--- START ---

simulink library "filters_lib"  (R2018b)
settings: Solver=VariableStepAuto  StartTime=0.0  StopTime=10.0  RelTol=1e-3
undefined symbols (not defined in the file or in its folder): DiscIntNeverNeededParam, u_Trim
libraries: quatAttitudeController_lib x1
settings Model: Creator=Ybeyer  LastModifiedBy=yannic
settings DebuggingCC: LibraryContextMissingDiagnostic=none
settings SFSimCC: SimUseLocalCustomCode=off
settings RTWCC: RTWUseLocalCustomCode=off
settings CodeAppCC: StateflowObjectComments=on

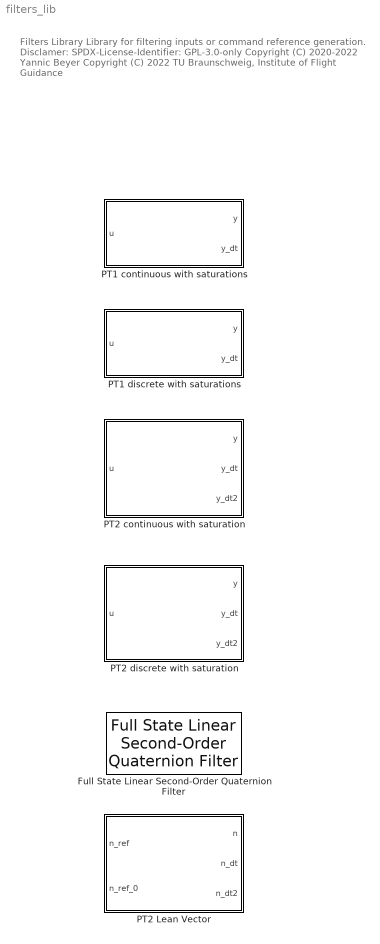
== system filters_lib ==
  note: Filters Library
      |
      | Library for filtering inputs or command reference generation.
      |
      | Disclamer:
      | SPDX-License-Identifier: GPL-3.0-only
      |
      | Copyright (C) 2020-2022 Yannic Beyer
      | Copyright (C) 2022 TU Braunschweig, Institute of Flight Guidance
  Full State Linear Second-Order Quaternion Filter : quatAttitudeController_lib/Full State Linear Second-Order Quaternion Filter  omega_0=15  D=1  q_0=[1; 0; 0; 0]  omega_Kb_0=[0; 0; 0]
      settings: SourceProductName=LADAC
  PT1 continuous with saturations : Subsystem  mask{T=1, x_max=inf, x_min=-inf, x_dt_max=inf, x_dt_min=-inf, x_init=0}
      mask prompts: T "Time constant"; x_max "Maximum output"; x_min "Minimum output"; x_dt_max "Maximum output_rate"; x_dt_min "Minimum output rate"; x_init "Initial output"
  PT1 discrete with saturations : Subsystem  mask{T=1, x_max=inf, x_min=-inf, x_dt_max=inf, x_dt_min=-inf, x_init=u_Trim}
      mask prompts: T "Time constant"; x_max "Maximum output"; x_min "Minimum output"; x_dt_max "Maximum output rate"; x_dt_min "Minimum output rate"; x_init "Initial output"
  PT2 Lean Vector : Subsystem  mask{omega=1, d=1, x_dt2_max=inf, x_dt2_min=-inf, x_dt_max=inf, x_dt_min=-inf, x_max=inf, x_min=-inf, x_init=0, x_dt_init=0}
      mask prompts: omega "Natural frequency"; d "Damping ratio"; x_dt2_max "Maximum acceleration"; x_dt2_min "Minimum acceleration"; x_dt_max "Maximum rate"; x_dt_min "Minimum rate"; x_max "Maximum position"; x_min "Minimum position"; x_init "Initial position"; x_dt_init "Initial rate"
      mask DialogControl DescGroupVar Prompt: 2nd Order Reduced Attitude Reference Model
      mask DialogControl DescTextVar Prompt: The lean vector is filtered by a second order low-pass filter. A unit vector output is assured. Moreover, the derivatives are also adjusted to match with the output unit vector.
  PT2 continuous with saturation : Subsystem  mask{omega=0.7, d=1, x_dt2_max=inf, x_dt2_min=-inf, x_dt_max=inf, x_dt_min=-inf, x_max=inf, x_min=-inf, x_init=0, x_dt_init=0}
      mask prompts: omega "Natural frequency"; d "Damping ratio"; x_dt2_max "Maximum acceleration"; x_dt2_min "Minimum acceleration"; x_dt_max "Maximum rate"; x_dt_min "Minimum rate"; x_max "Maximum position"; x_min "Minimum position"; x_init "Initial position"; x_dt_init "Initial rate"
  PT2 discrete with saturation : Subsystem  mask{param_src=internal, omega=1, d=0.7, x_dt2_max=inf, x_dt2_min=-inf, x_dt_max=inf, x_dt_min=-inf, x_max=inf, x_min=-inf, y_0_src=internal, x_init=0, y_dt_0_src=internal, x_dt_init=0, is_y_dt_checked=on, is_y_dt2_checked=on}
      mask prompts: param_src "Parameter source"; omega "Natural frequency"; d "Damping ratio"; x_dt2_max "Maximum acceleration"; x_dt2_min "Minimum acceleration"; x_dt_max "Maximum rate"; x_dt_min "Minimum rate"; x_max "Maximum position"; x_min "Minimum position"; y_0_src "Initial position source:"; x_init "Initial position"; y_dt_0_src "Initial velocity source:"; x_dt_init "Initial rate"; is_y_dt_checked "Enable velocity output"; is_y_dt2_checked "Enable acceleration output"
      mask init:
      | filtersBlockInit(y_0_src,y_dt_0_src,param_src,is_y_dt_checked,is_y_dt2_checked);
      mask TypeOptions param_src: internal | external
      mask TypeOptions y_0_src: internal | external
      mask TypeOptions y_dt_0_src: internal | external

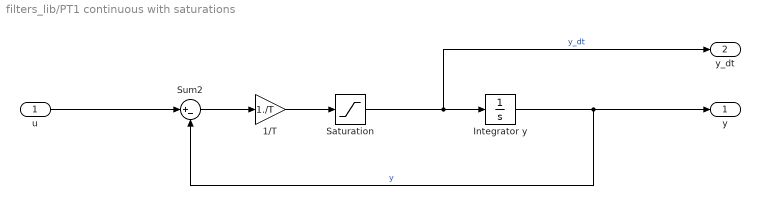
== system filters_lib/PT1 continuous with saturations ==
  u : Inport
  1/T : Gain  Gain=1./T
  Integrator y : Integrator  InitialCondition=x_init  LimitOutput=on  UpperSaturationLimit=x_max  LowerSaturationLimit=x_min
  Saturation : Saturate  UpperLimit=x_dt_max  LowerLimit=x_dt_min
  Sum2 : Sum  Inputs=|+-
  y : Outport
  y_dt : Outport  Port=2
  wires:
  Saturation/1 -> Integrator y/1, y_dt/1  "y_dt"
  Integrator y/1 -> y/1, Sum2/2  "y"
  Sum2/1 -> 1/T/1
  u/1 -> Sum2/1
  1/T/1 -> Saturation/1

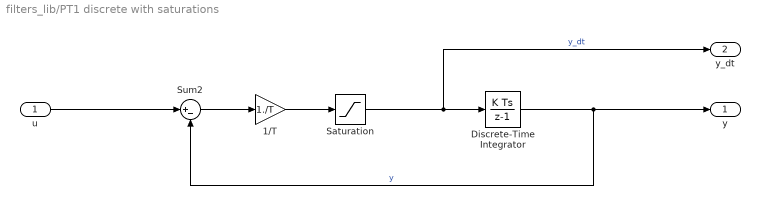
== system filters_lib/PT1 discrete with saturations ==
  u : Inport
  1/T : Gain  Gain=1./T
  Discrete-Time Integrator : DiscreteIntegrator  InitialCondition=x_init  SampleTime=-1  LimitOutput=on  UpperSaturationLimit=x_max  LowerSaturationLimit=x_min  ICPrevOutput=DiscIntNeverNeededParam  ICPrevScaledInput=DiscIntNeverNeededParam
  Saturation : Saturate  UpperLimit=x_dt_max  LowerLimit=x_dt_min
  Sum2 : Sum  Inputs=|+-
  y : Outport
  y_dt : Outport  Port=2
  wires:
  Saturation/1 -> y_dt/1, Discrete-Time Integrator/1  "y_dt"
  Discrete-Time Integrator/1 -> y/1, Sum2/2  "y"
  Sum2/1 -> 1/T/1
  u/1 -> Sum2/1
  1/T/1 -> Saturation/1

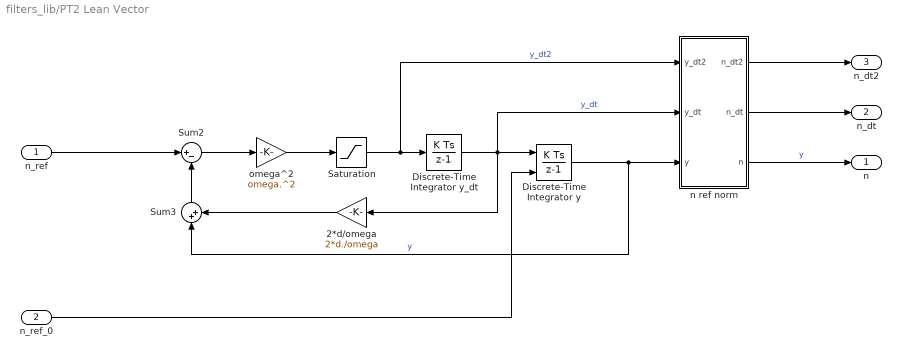
== system filters_lib/PT2 Lean Vector ==
  n_ref : Inport
  n_ref_0 : Inport  Port=2
  2*d/omega : Gain  Gain=2*d./omega
  Discrete-Time Integrator y : DiscreteIntegrator  InitialConditionSource=external  InitialCondition=x_init  SampleTime=-1  OutDataTypeStr=Inherit: Inherit via back propagation  LimitOutput=on  UpperSaturationLimit=x_max  LowerSaturationLimit=x_min  ICPrevOutput=DiscIntNeverNeededParam  ICPrevScaledInput=DiscIntNeverNeededParam
  Discrete-Time Integrator y_dt : DiscreteIntegrator  InitialCondition=x_dt_init  SampleTime=-1  OutDataTypeStr=Inherit: Inherit via back propagation  LimitOutput=on  UpperSaturationLimit=x_dt_max  LowerSaturationLimit=x_dt_min  ICPrevOutput=DiscIntNeverNeededParam  ICPrevScaledInput=DiscIntNeverNeededParam
  Saturation : Saturate  UpperLimit=x_dt2_max  LowerLimit=x_dt2_min
  Sum2 : Sum  Inputs=|+-
  Sum3 : Sum  Inputs=|++
  n ref norm : MATLAB Function  TreatAsAtomicUnit=on
  omega^2 : Gain  Gain=omega.^2
  n : Outport
  n_dt : Outport  Port=2
  n_dt2 : Outport  Port=3
  wires:
  n ref norm/3(n) -> n/1  "y"
  Saturation/1 -> n ref norm/1(y_dt2), Discrete-Time Integrator y_dt/1  "y_dt2"
  omega^2/1 -> Saturation/1
  Sum3/1 -> Sum2/2
  n_ref/1 -> Sum2/1
  2*d/omega/1 -> Sum3/2
  Sum2/1 -> omega^2/1
  Discrete-Time Integrator y/1 -> n ref norm/3(y), Sum3/1  "y"
  Discrete-Time Integrator y_dt/1 -> n ref norm/2(y_dt), 2*d/omega/1, Discrete-Time Integrator y/1  "y_dt"
  n_ref_0/1 -> Discrete-Time Integrator y/2
  n ref norm/1(n_dt2) -> n_dt2/1
  n ref norm/2(n_dt) -> n_dt/1

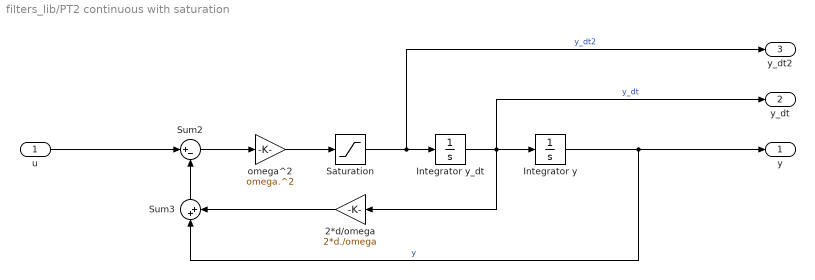
== system filters_lib/PT2 continuous with saturation ==
  u : Inport
  2*d/omega : Gain  Gain=2*d./omega
  Integrator y : Integrator  InitialCondition=x_init  LimitOutput=on  UpperSaturationLimit=x_max  LowerSaturationLimit=x_min
  Integrator y_dt : Integrator  InitialCondition=x_dt_init  LimitOutput=on  UpperSaturationLimit=x_dt_max  LowerSaturationLimit=x_dt_min
  Saturation : Saturate  UpperLimit=x_dt2_max  LowerLimit=x_dt2_min
  Sum2 : Sum  Inputs=|+-
  Sum3 : Sum  Inputs=|++
  omega^2 : Gain  Gain=omega.^2
  y : Outport
  y_dt : Outport  Port=2
  y_dt2 : Outport  Port=3
  wires:
  Integrator y_dt/1 -> y_dt/1, Integrator y/1, 2*d/omega/1  "y_dt"
  Integrator y/1 -> y/1, Sum3/1  "y"
  Sum2/1 -> omega^2/1
  2*d/omega/1 -> Sum3/2
  u/1 -> Sum2/1
  Sum3/1 -> Sum2/2
  omega^2/1 -> Saturation/1
  Saturation/1 -> y_dt2/1, Integrator y_dt/1  "y_dt2"

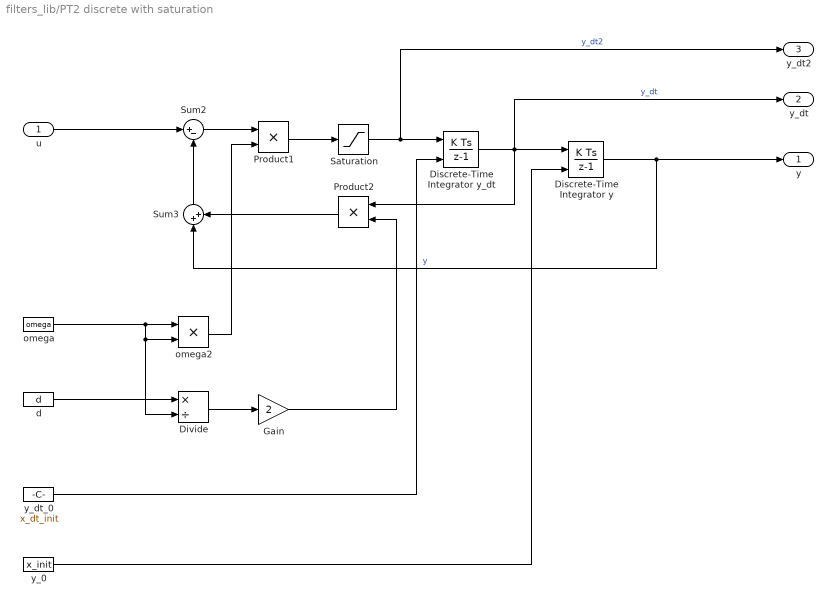
== system filters_lib/PT2 discrete with saturation ==
  u : Inport
  Discrete-Time Integrator y : DiscreteIntegrator  InitialConditionSource=external  InitialCondition=x_init  SampleTime=-1  LimitOutput=on  UpperSaturationLimit=x_max  LowerSaturationLimit=x_min  ICPrevOutput=DiscIntNeverNeededParam  ICPrevScaledInput=DiscIntNeverNeededParam
  Discrete-Time Integrator y_dt : DiscreteIntegrator  InitialConditionSource=external  InitialCondition=x_dt_init  SampleTime=-1  LimitOutput=on  UpperSaturationLimit=x_dt_max  LowerSaturationLimit=x_dt_min  ICPrevOutput=DiscIntNeverNeededParam  ICPrevScaledInput=DiscIntNeverNeededParam
  Divide : Product  Inputs=*/
  Gain : Gain  Gain=2
  Product1 : Product
  Product2 : Product
  Saturation : Saturate  UpperLimit=x_dt2_max  LowerLimit=x_dt2_min
  Sum2 : Sum  Inputs=|+-
  Sum3 : Sum  Inputs=|++
  d : Constant  Value=d
  omega : Constant  Value=omega
  omega2 : Product
  y_0 : Constant  Value=x_init
  y_dt_0 : Constant  Value=x_dt_init
  y : Outport
  y_dt : Outport  Port=2
  y_dt2 : Outport  Port=3
  wires:
  Discrete-Time Integrator y_dt/1 -> Product2/1, Discrete-Time Integrator y/1, y_dt/1  "y_dt"
  Discrete-Time Integrator y/1 -> y/1, Sum3/1  "y"
  Sum2/1 -> Product1/1
  Product2/1 -> Sum3/2
  u/1 -> Sum2/1
  Sum3/1 -> Sum2/2
  Product1/1 -> Saturation/1
  Saturation/1 -> Discrete-Time Integrator y_dt/1, y_dt2/1  "y_dt2"
  y_0/1 -> Discrete-Time Integrator y/2
  y_dt_0/1 -> Discrete-Time Integrator y_dt/2
  omega/1 -> Divide/2, omega2/2, omega2/1
  omega2/1 -> Product1/2
  Divide/1 -> Gain/1
  d/1 -> Divide/1
  Gain/1 -> Product2/2

== matlab function filters_lib/PT2 Lean Vector/n ref norm ==
  data: n_dt2 output; n_dt output; y_dt2 input; y_dt input; y input; n output
function [n_dt2,n_dt,n] = fcn(y_dt2, y_dt, y)

norm_n  = norm(y,2);
n       = divideFinite( y, norm_n );

n_dt    = leanVectorNormDeriv(y,y_dt);
n_dt2   = leanVectorNormDeriv2(y,y_dt,y_dt2);

end

--- END ---

TASK: Output the lines of the records above exactly as they appear, from the line containing "y_0/1 -> Discrete-Time Integrator y/2" through the line containing "data: n_dt2 output;".

YOUR SOLUTION:
  y_0/1 -> Discrete-Time Integrator y/2
  y_dt_0/1 -> Discrete-Time Integrator y_dt/2
  omega/1 -> Divide/2, omega2/2, omega2/1
  omega2/1 -> Product1/2
  Divide/1 -> Gain/1
  d/1 -> Divide/1
  Gain/1 -> Product2/2

== matlab function filters_lib/PT2 Lean Vector/n ref norm ==
  data: n_dt2 output; n_dt output; y_dt2 input; y_dt input; y input; n output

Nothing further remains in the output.